#### Entries provided

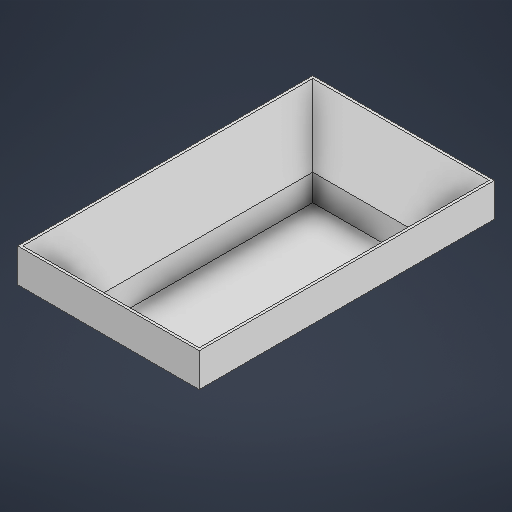
# Autodesk Inventor part: мыльница
Saved by Autodesk Inventor 2025 (Build 290162000, 162)
## iProperties
Created: 2024-12-03
Part Number: мыльница
Material: Типовые
Document SubType Name: Modeling
Designer: GameHD
Density: 1 g/cm^3
Appearance: По умолчанию
Author: GameHD
Autodesk Inventor part; units mm, degrees
ref_plane "YZ Plane" through (0, 0, 0) normal (1, 0, 0) x (0, 1, 0)
ref_plane "XZ Plane" through (0, 0, 0) normal (0, 1, 0) x (-1, 0, 0)
ref_plane "XY Plane" through (0, 0, 0) normal (0, 0, 1) x (1, 0, 0)
sketch "Эскиз1" plane through (0, 0, 0) normal (0, 0, 1) x (1, 0, 0)
  line L0 (-19.75, -19.75) -> (19.75, -19.75)
  line L1 (19.75, -19.75) -> (19.75, 19.75)
  line L2 (19.75, 19.75) -> (-19.75, 19.75)
  line L3 (-19.75, 19.75) -> (-19.75, -19.75)
  line L4 (-19.75, -19.75) -> (19.75, 19.75) construction
  line L5 (19.75, -19.75) -> (-19.75, 19.75) construction
  line L6 (-40, -40) -> (40, -40)
  line L7 (40, -40) -> (40, 40)
  line L8 (40, 40) -> (-40, 40)
  line L9 (-40, 40) -> (-40, -40)
  line L10 (-40, -40) -> (40, 40) construction
  line L11 (40, -40) -> (-40, 40) construction
  line L12 (-19.75, 19.75) -> (-40, 19.75)
  line L13 (19.75, 19.75) -> (40, 19.75)
  point P0 (0, 0)
  dimension "d0" = 39.5
  dimension "d1" = 39.5
  dimension "d2" = 80
  dimension "d3" = 80
  constraints: 28 end point, 4 midpoint, 4 parallel, 3 perpendicular, 3 point on line, 2 horizontal
  measures "d0" distance of L2.end L1.end
  measures "d1" distance of L1.end L0.end
  measures "d2" distance of L8.end L7.end
  measures "d3" distance of L8.end L6.start
extrude "Выдавливание1" add sketch "Эскиз1" along normal blind 92 contours L0 L1 L13 L7 L6 L9 L12 L3
sketch "Эскиз2" plane through (0, 0, 0) normal (0, 0, -1) x (-1, 0, 0)
  line L0 (-19.75, -19.75) -> (19.75, -19.75) projected
  line L1 (-19.75, 19.75) -> (-19.75, -19.75) projected
  line L2 (-40, 19.75) -> (-19.75, 19.75) projected
  line L3 (-40, -40) -> (-40, 19.75) projected
  line L4 (40, -40) -> (-40, -40) projected
  line L5 (40, 19.75) -> (40, -40) projected
  line L6 (19.75, 19.75) -> (40, 19.75) projected
  line L7 (19.75, -19.75) -> (19.75, 19.75) projected
  line L8 (-19.75, 19.75) -> (19.75, 19.75)
  point P0 (0, 0)
  constraints: 2 end point, 1 horizontal
extrude "Выдавливание2" add sketch "Эскиз2" along normal blind 19
sketch "Эскиз3" plane through (0, 0, 92) normal (0, 0, 1) x (1, 0, 0)
  line L0 (19.75, -19.75) -> (-19.75, -19.75) projected
  line L1 (-19.75, -19.75) -> (-19.75, 19.75) projected
  line L2 (-19.75, 19.75) -> (-40, 19.75) projected
  line L3 (-40, 19.75) -> (-40, -40) projected
  line L4 (-40, -40) -> (40, -40) projected
  line L5 (40, -40) -> (40, 19.75) projected
  line L6 (40, 19.75) -> (19.75, 19.75) projected
  line L7 (19.75, 19.75) -> (19.75, -19.75) projected
  line L8 (-19.75, 19.75) -> (19.75, 19.75) projected
  point P0 (0, 0)
extrude "Выдавливание3" add sketch "Эскиз3" along normal blind 19
sketch "Эскиз4" plane through (-40, -40, -19) normal (-1, 0, 0) x (0, 0, 1)
  line L0 (0, 59.75) -> (200, 59.75)
  line L1 (200, 59.75) -> (200, 49.75)
  line L2 (200, 49.75) -> (0, 49.75)
  line L3 (0, 49.75) -> (0, 59.75)
  dimension "d12" = 200
  dimension "d13" = 10
  constraints: 8 end point, 2 parallel, 1 horizontal, 1 perpendicular
  measures "d12" distance of L1.end L2.end
  measures "d13" distance of L0.end L1.end
extrude "Выдавливание4" cut sketch "Эскиз4" against normal through all
sketch "Эскиз5" plane through (-40, -40, -19) normal (0, -1, 0) x (1, 0, 0)
  line L0 (80, 0) -> (80, 130) projected
  line L1 (0, 130) -> (80, 130) projected
  line L2 (0, 0) -> (0, 130) projected
  line L3 (80, 0) -> (0, 0) projected
  point P0 (40, 19)
extrude "Выдавливание5" cut sketch "Эскиз5" against normal blind 17.05
sketch "Эскиз6" plane through (-19.75, -19.75, 0) normal (0, 1, 0) x (1, 0, 0)
  line L0 (39.5, 0) -> (0, 0) projected
  line L1 (0, 0) -> (0, -92) projected
  line L2 (39.5, -92) -> (0, -92) projected
  line L3 (39.5, 0) -> (39.5, -92) projected
  line L4 (-1.25, -92) -> (-1.25, 0)
  line L5 (-1.25, 0) -> (40.75, 0)
  line L6 (40.75, 0) -> (40.75, -92)
  line L7 (40.75, -92) -> (-1.25, -92)
  line L8 (-1.25, -92) -> (40.75, 0) construction
  line L9 (-1.25, 0) -> (40.75, -92) construction
  point P0 (19.75, 0)
  point P1 (19.75, -46)
  dimension "d22" = 42
  constraints: 12 end point, 2 midpoint, 2 parallel, 2 perpendicular
  measures "d22" distance of L4.end L5.end
extrude "Выдавливание6" cut sketch "Эскиз6" along normal through all
chamfer "Фаска5" distance 17.875 angle 45 4 edges at (0, 9.75, 92) (21, 9.75, 46) (-21, 9.75, 46) (0, 9.75, 0)
chamfer "Фаска6" distance 17.875 angle 45 4 edges at (-40, -22.95, 46) (0, -22.95, -19) (40, -22.95, 46) (0, -22.95, 111)
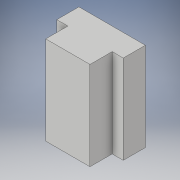
# Autodesk Inventor part: Back slide plate and side bar attatchment
Saved by Autodesk Inventor 2017 (Build 210142000, 142)
## iProperties
Created: 2017-10-11
Part Number: Back slide plate and side bar attatchment
Material: Generic
Document SubType Name: Modeling
Designer: Kenneth
Density: 1 g/cm^3
Appearance: Default
Author: Kenneth
Autodesk Inventor part; units mm, degrees
ref_plane "YZ Plane" through (0, 0, 0) normal (1, 0, 0) x (0, 1, 0)
ref_plane "XZ Plane" through (0, 0, 0) normal (0, 1, 0) x (-1, 0, 0)
ref_plane "XY Plane" through (0, 0, 0) normal (0, 0, 1) x (1, 0, 0)
sketch "Sketch2" plane through (0, 0, 0) normal (0, 0, 1) x (1, 0, 0)
  point P0 (0, 0)
sketch "Sketch3" plane through (0, 0, 0) normal (0, 0, 1) x (1, 0, 0)
  line L0 (-19.05, -25.4) -> (19.05, -25.4)
  line L1 (19.05, -25.4) -> (19.05, 25.4)
  line L2 (19.05, 25.4) -> (-19.05, 25.4)
  line L3 (-19.05, 25.4) -> (-19.05, -25.4)
  line L4 (-19.05, -25.4) -> (19.05, 25.4) construction
  line L5 (19.05, -25.4) -> (-19.05, 25.4) construction
  point P0 (0, 0)
  dimension "d4" = 50.8
  dimension "d5" = 38.1
  constraints: 12 end point, 2 midpoint, 2 parallel, 1 horizontal, 1 perpendicular
  measures "d4" distance of L0.end L1.end
  measures "d5" distance of L1.end L2.end
extrude "Extrusion2" add sketch "Sketch3" along normal blind 12.7
sketch "Sketch4" plane through (0, 0, 12.7) normal (0, 0, 1) x (1, 0, 0)
  line L0 (19.05, 25.4) -> (-19.05, 25.4) projected
  line L1 (12.7, -25.4) -> (-12.7, -25.4)
  line L2 (-12.7, -25.4) -> (-12.7, 25.4)
  line L3 (-12.7, 25.4) -> (12.7, 25.4)
  line L4 (12.7, 25.4) -> (12.7, -25.4)
  line L5 (12.7, -25.4) -> (-12.7, 25.4) construction
  line L6 (-12.7, -25.4) -> (12.7, 25.4) construction
  point P0 (0, 0)
  dimension "d8" = 25.4
  constraints: 12 end point, 2 midpoint, 2 parallel, 1 horizontal, 1 perpendicular, 1 point on line
  measures "d8" distance of L1.start L1.end
extrude "Extrusion3" add sketch "Sketch4" along normal blind 12.7
body "Solid1"

#### Action item
Track down every line of the material containing the string "slide", and copy it.

#### Task response
# Autodesk Inventor part: Back slide plate and side bar attatchment
Part Number: Back slide plate and side bar attatchment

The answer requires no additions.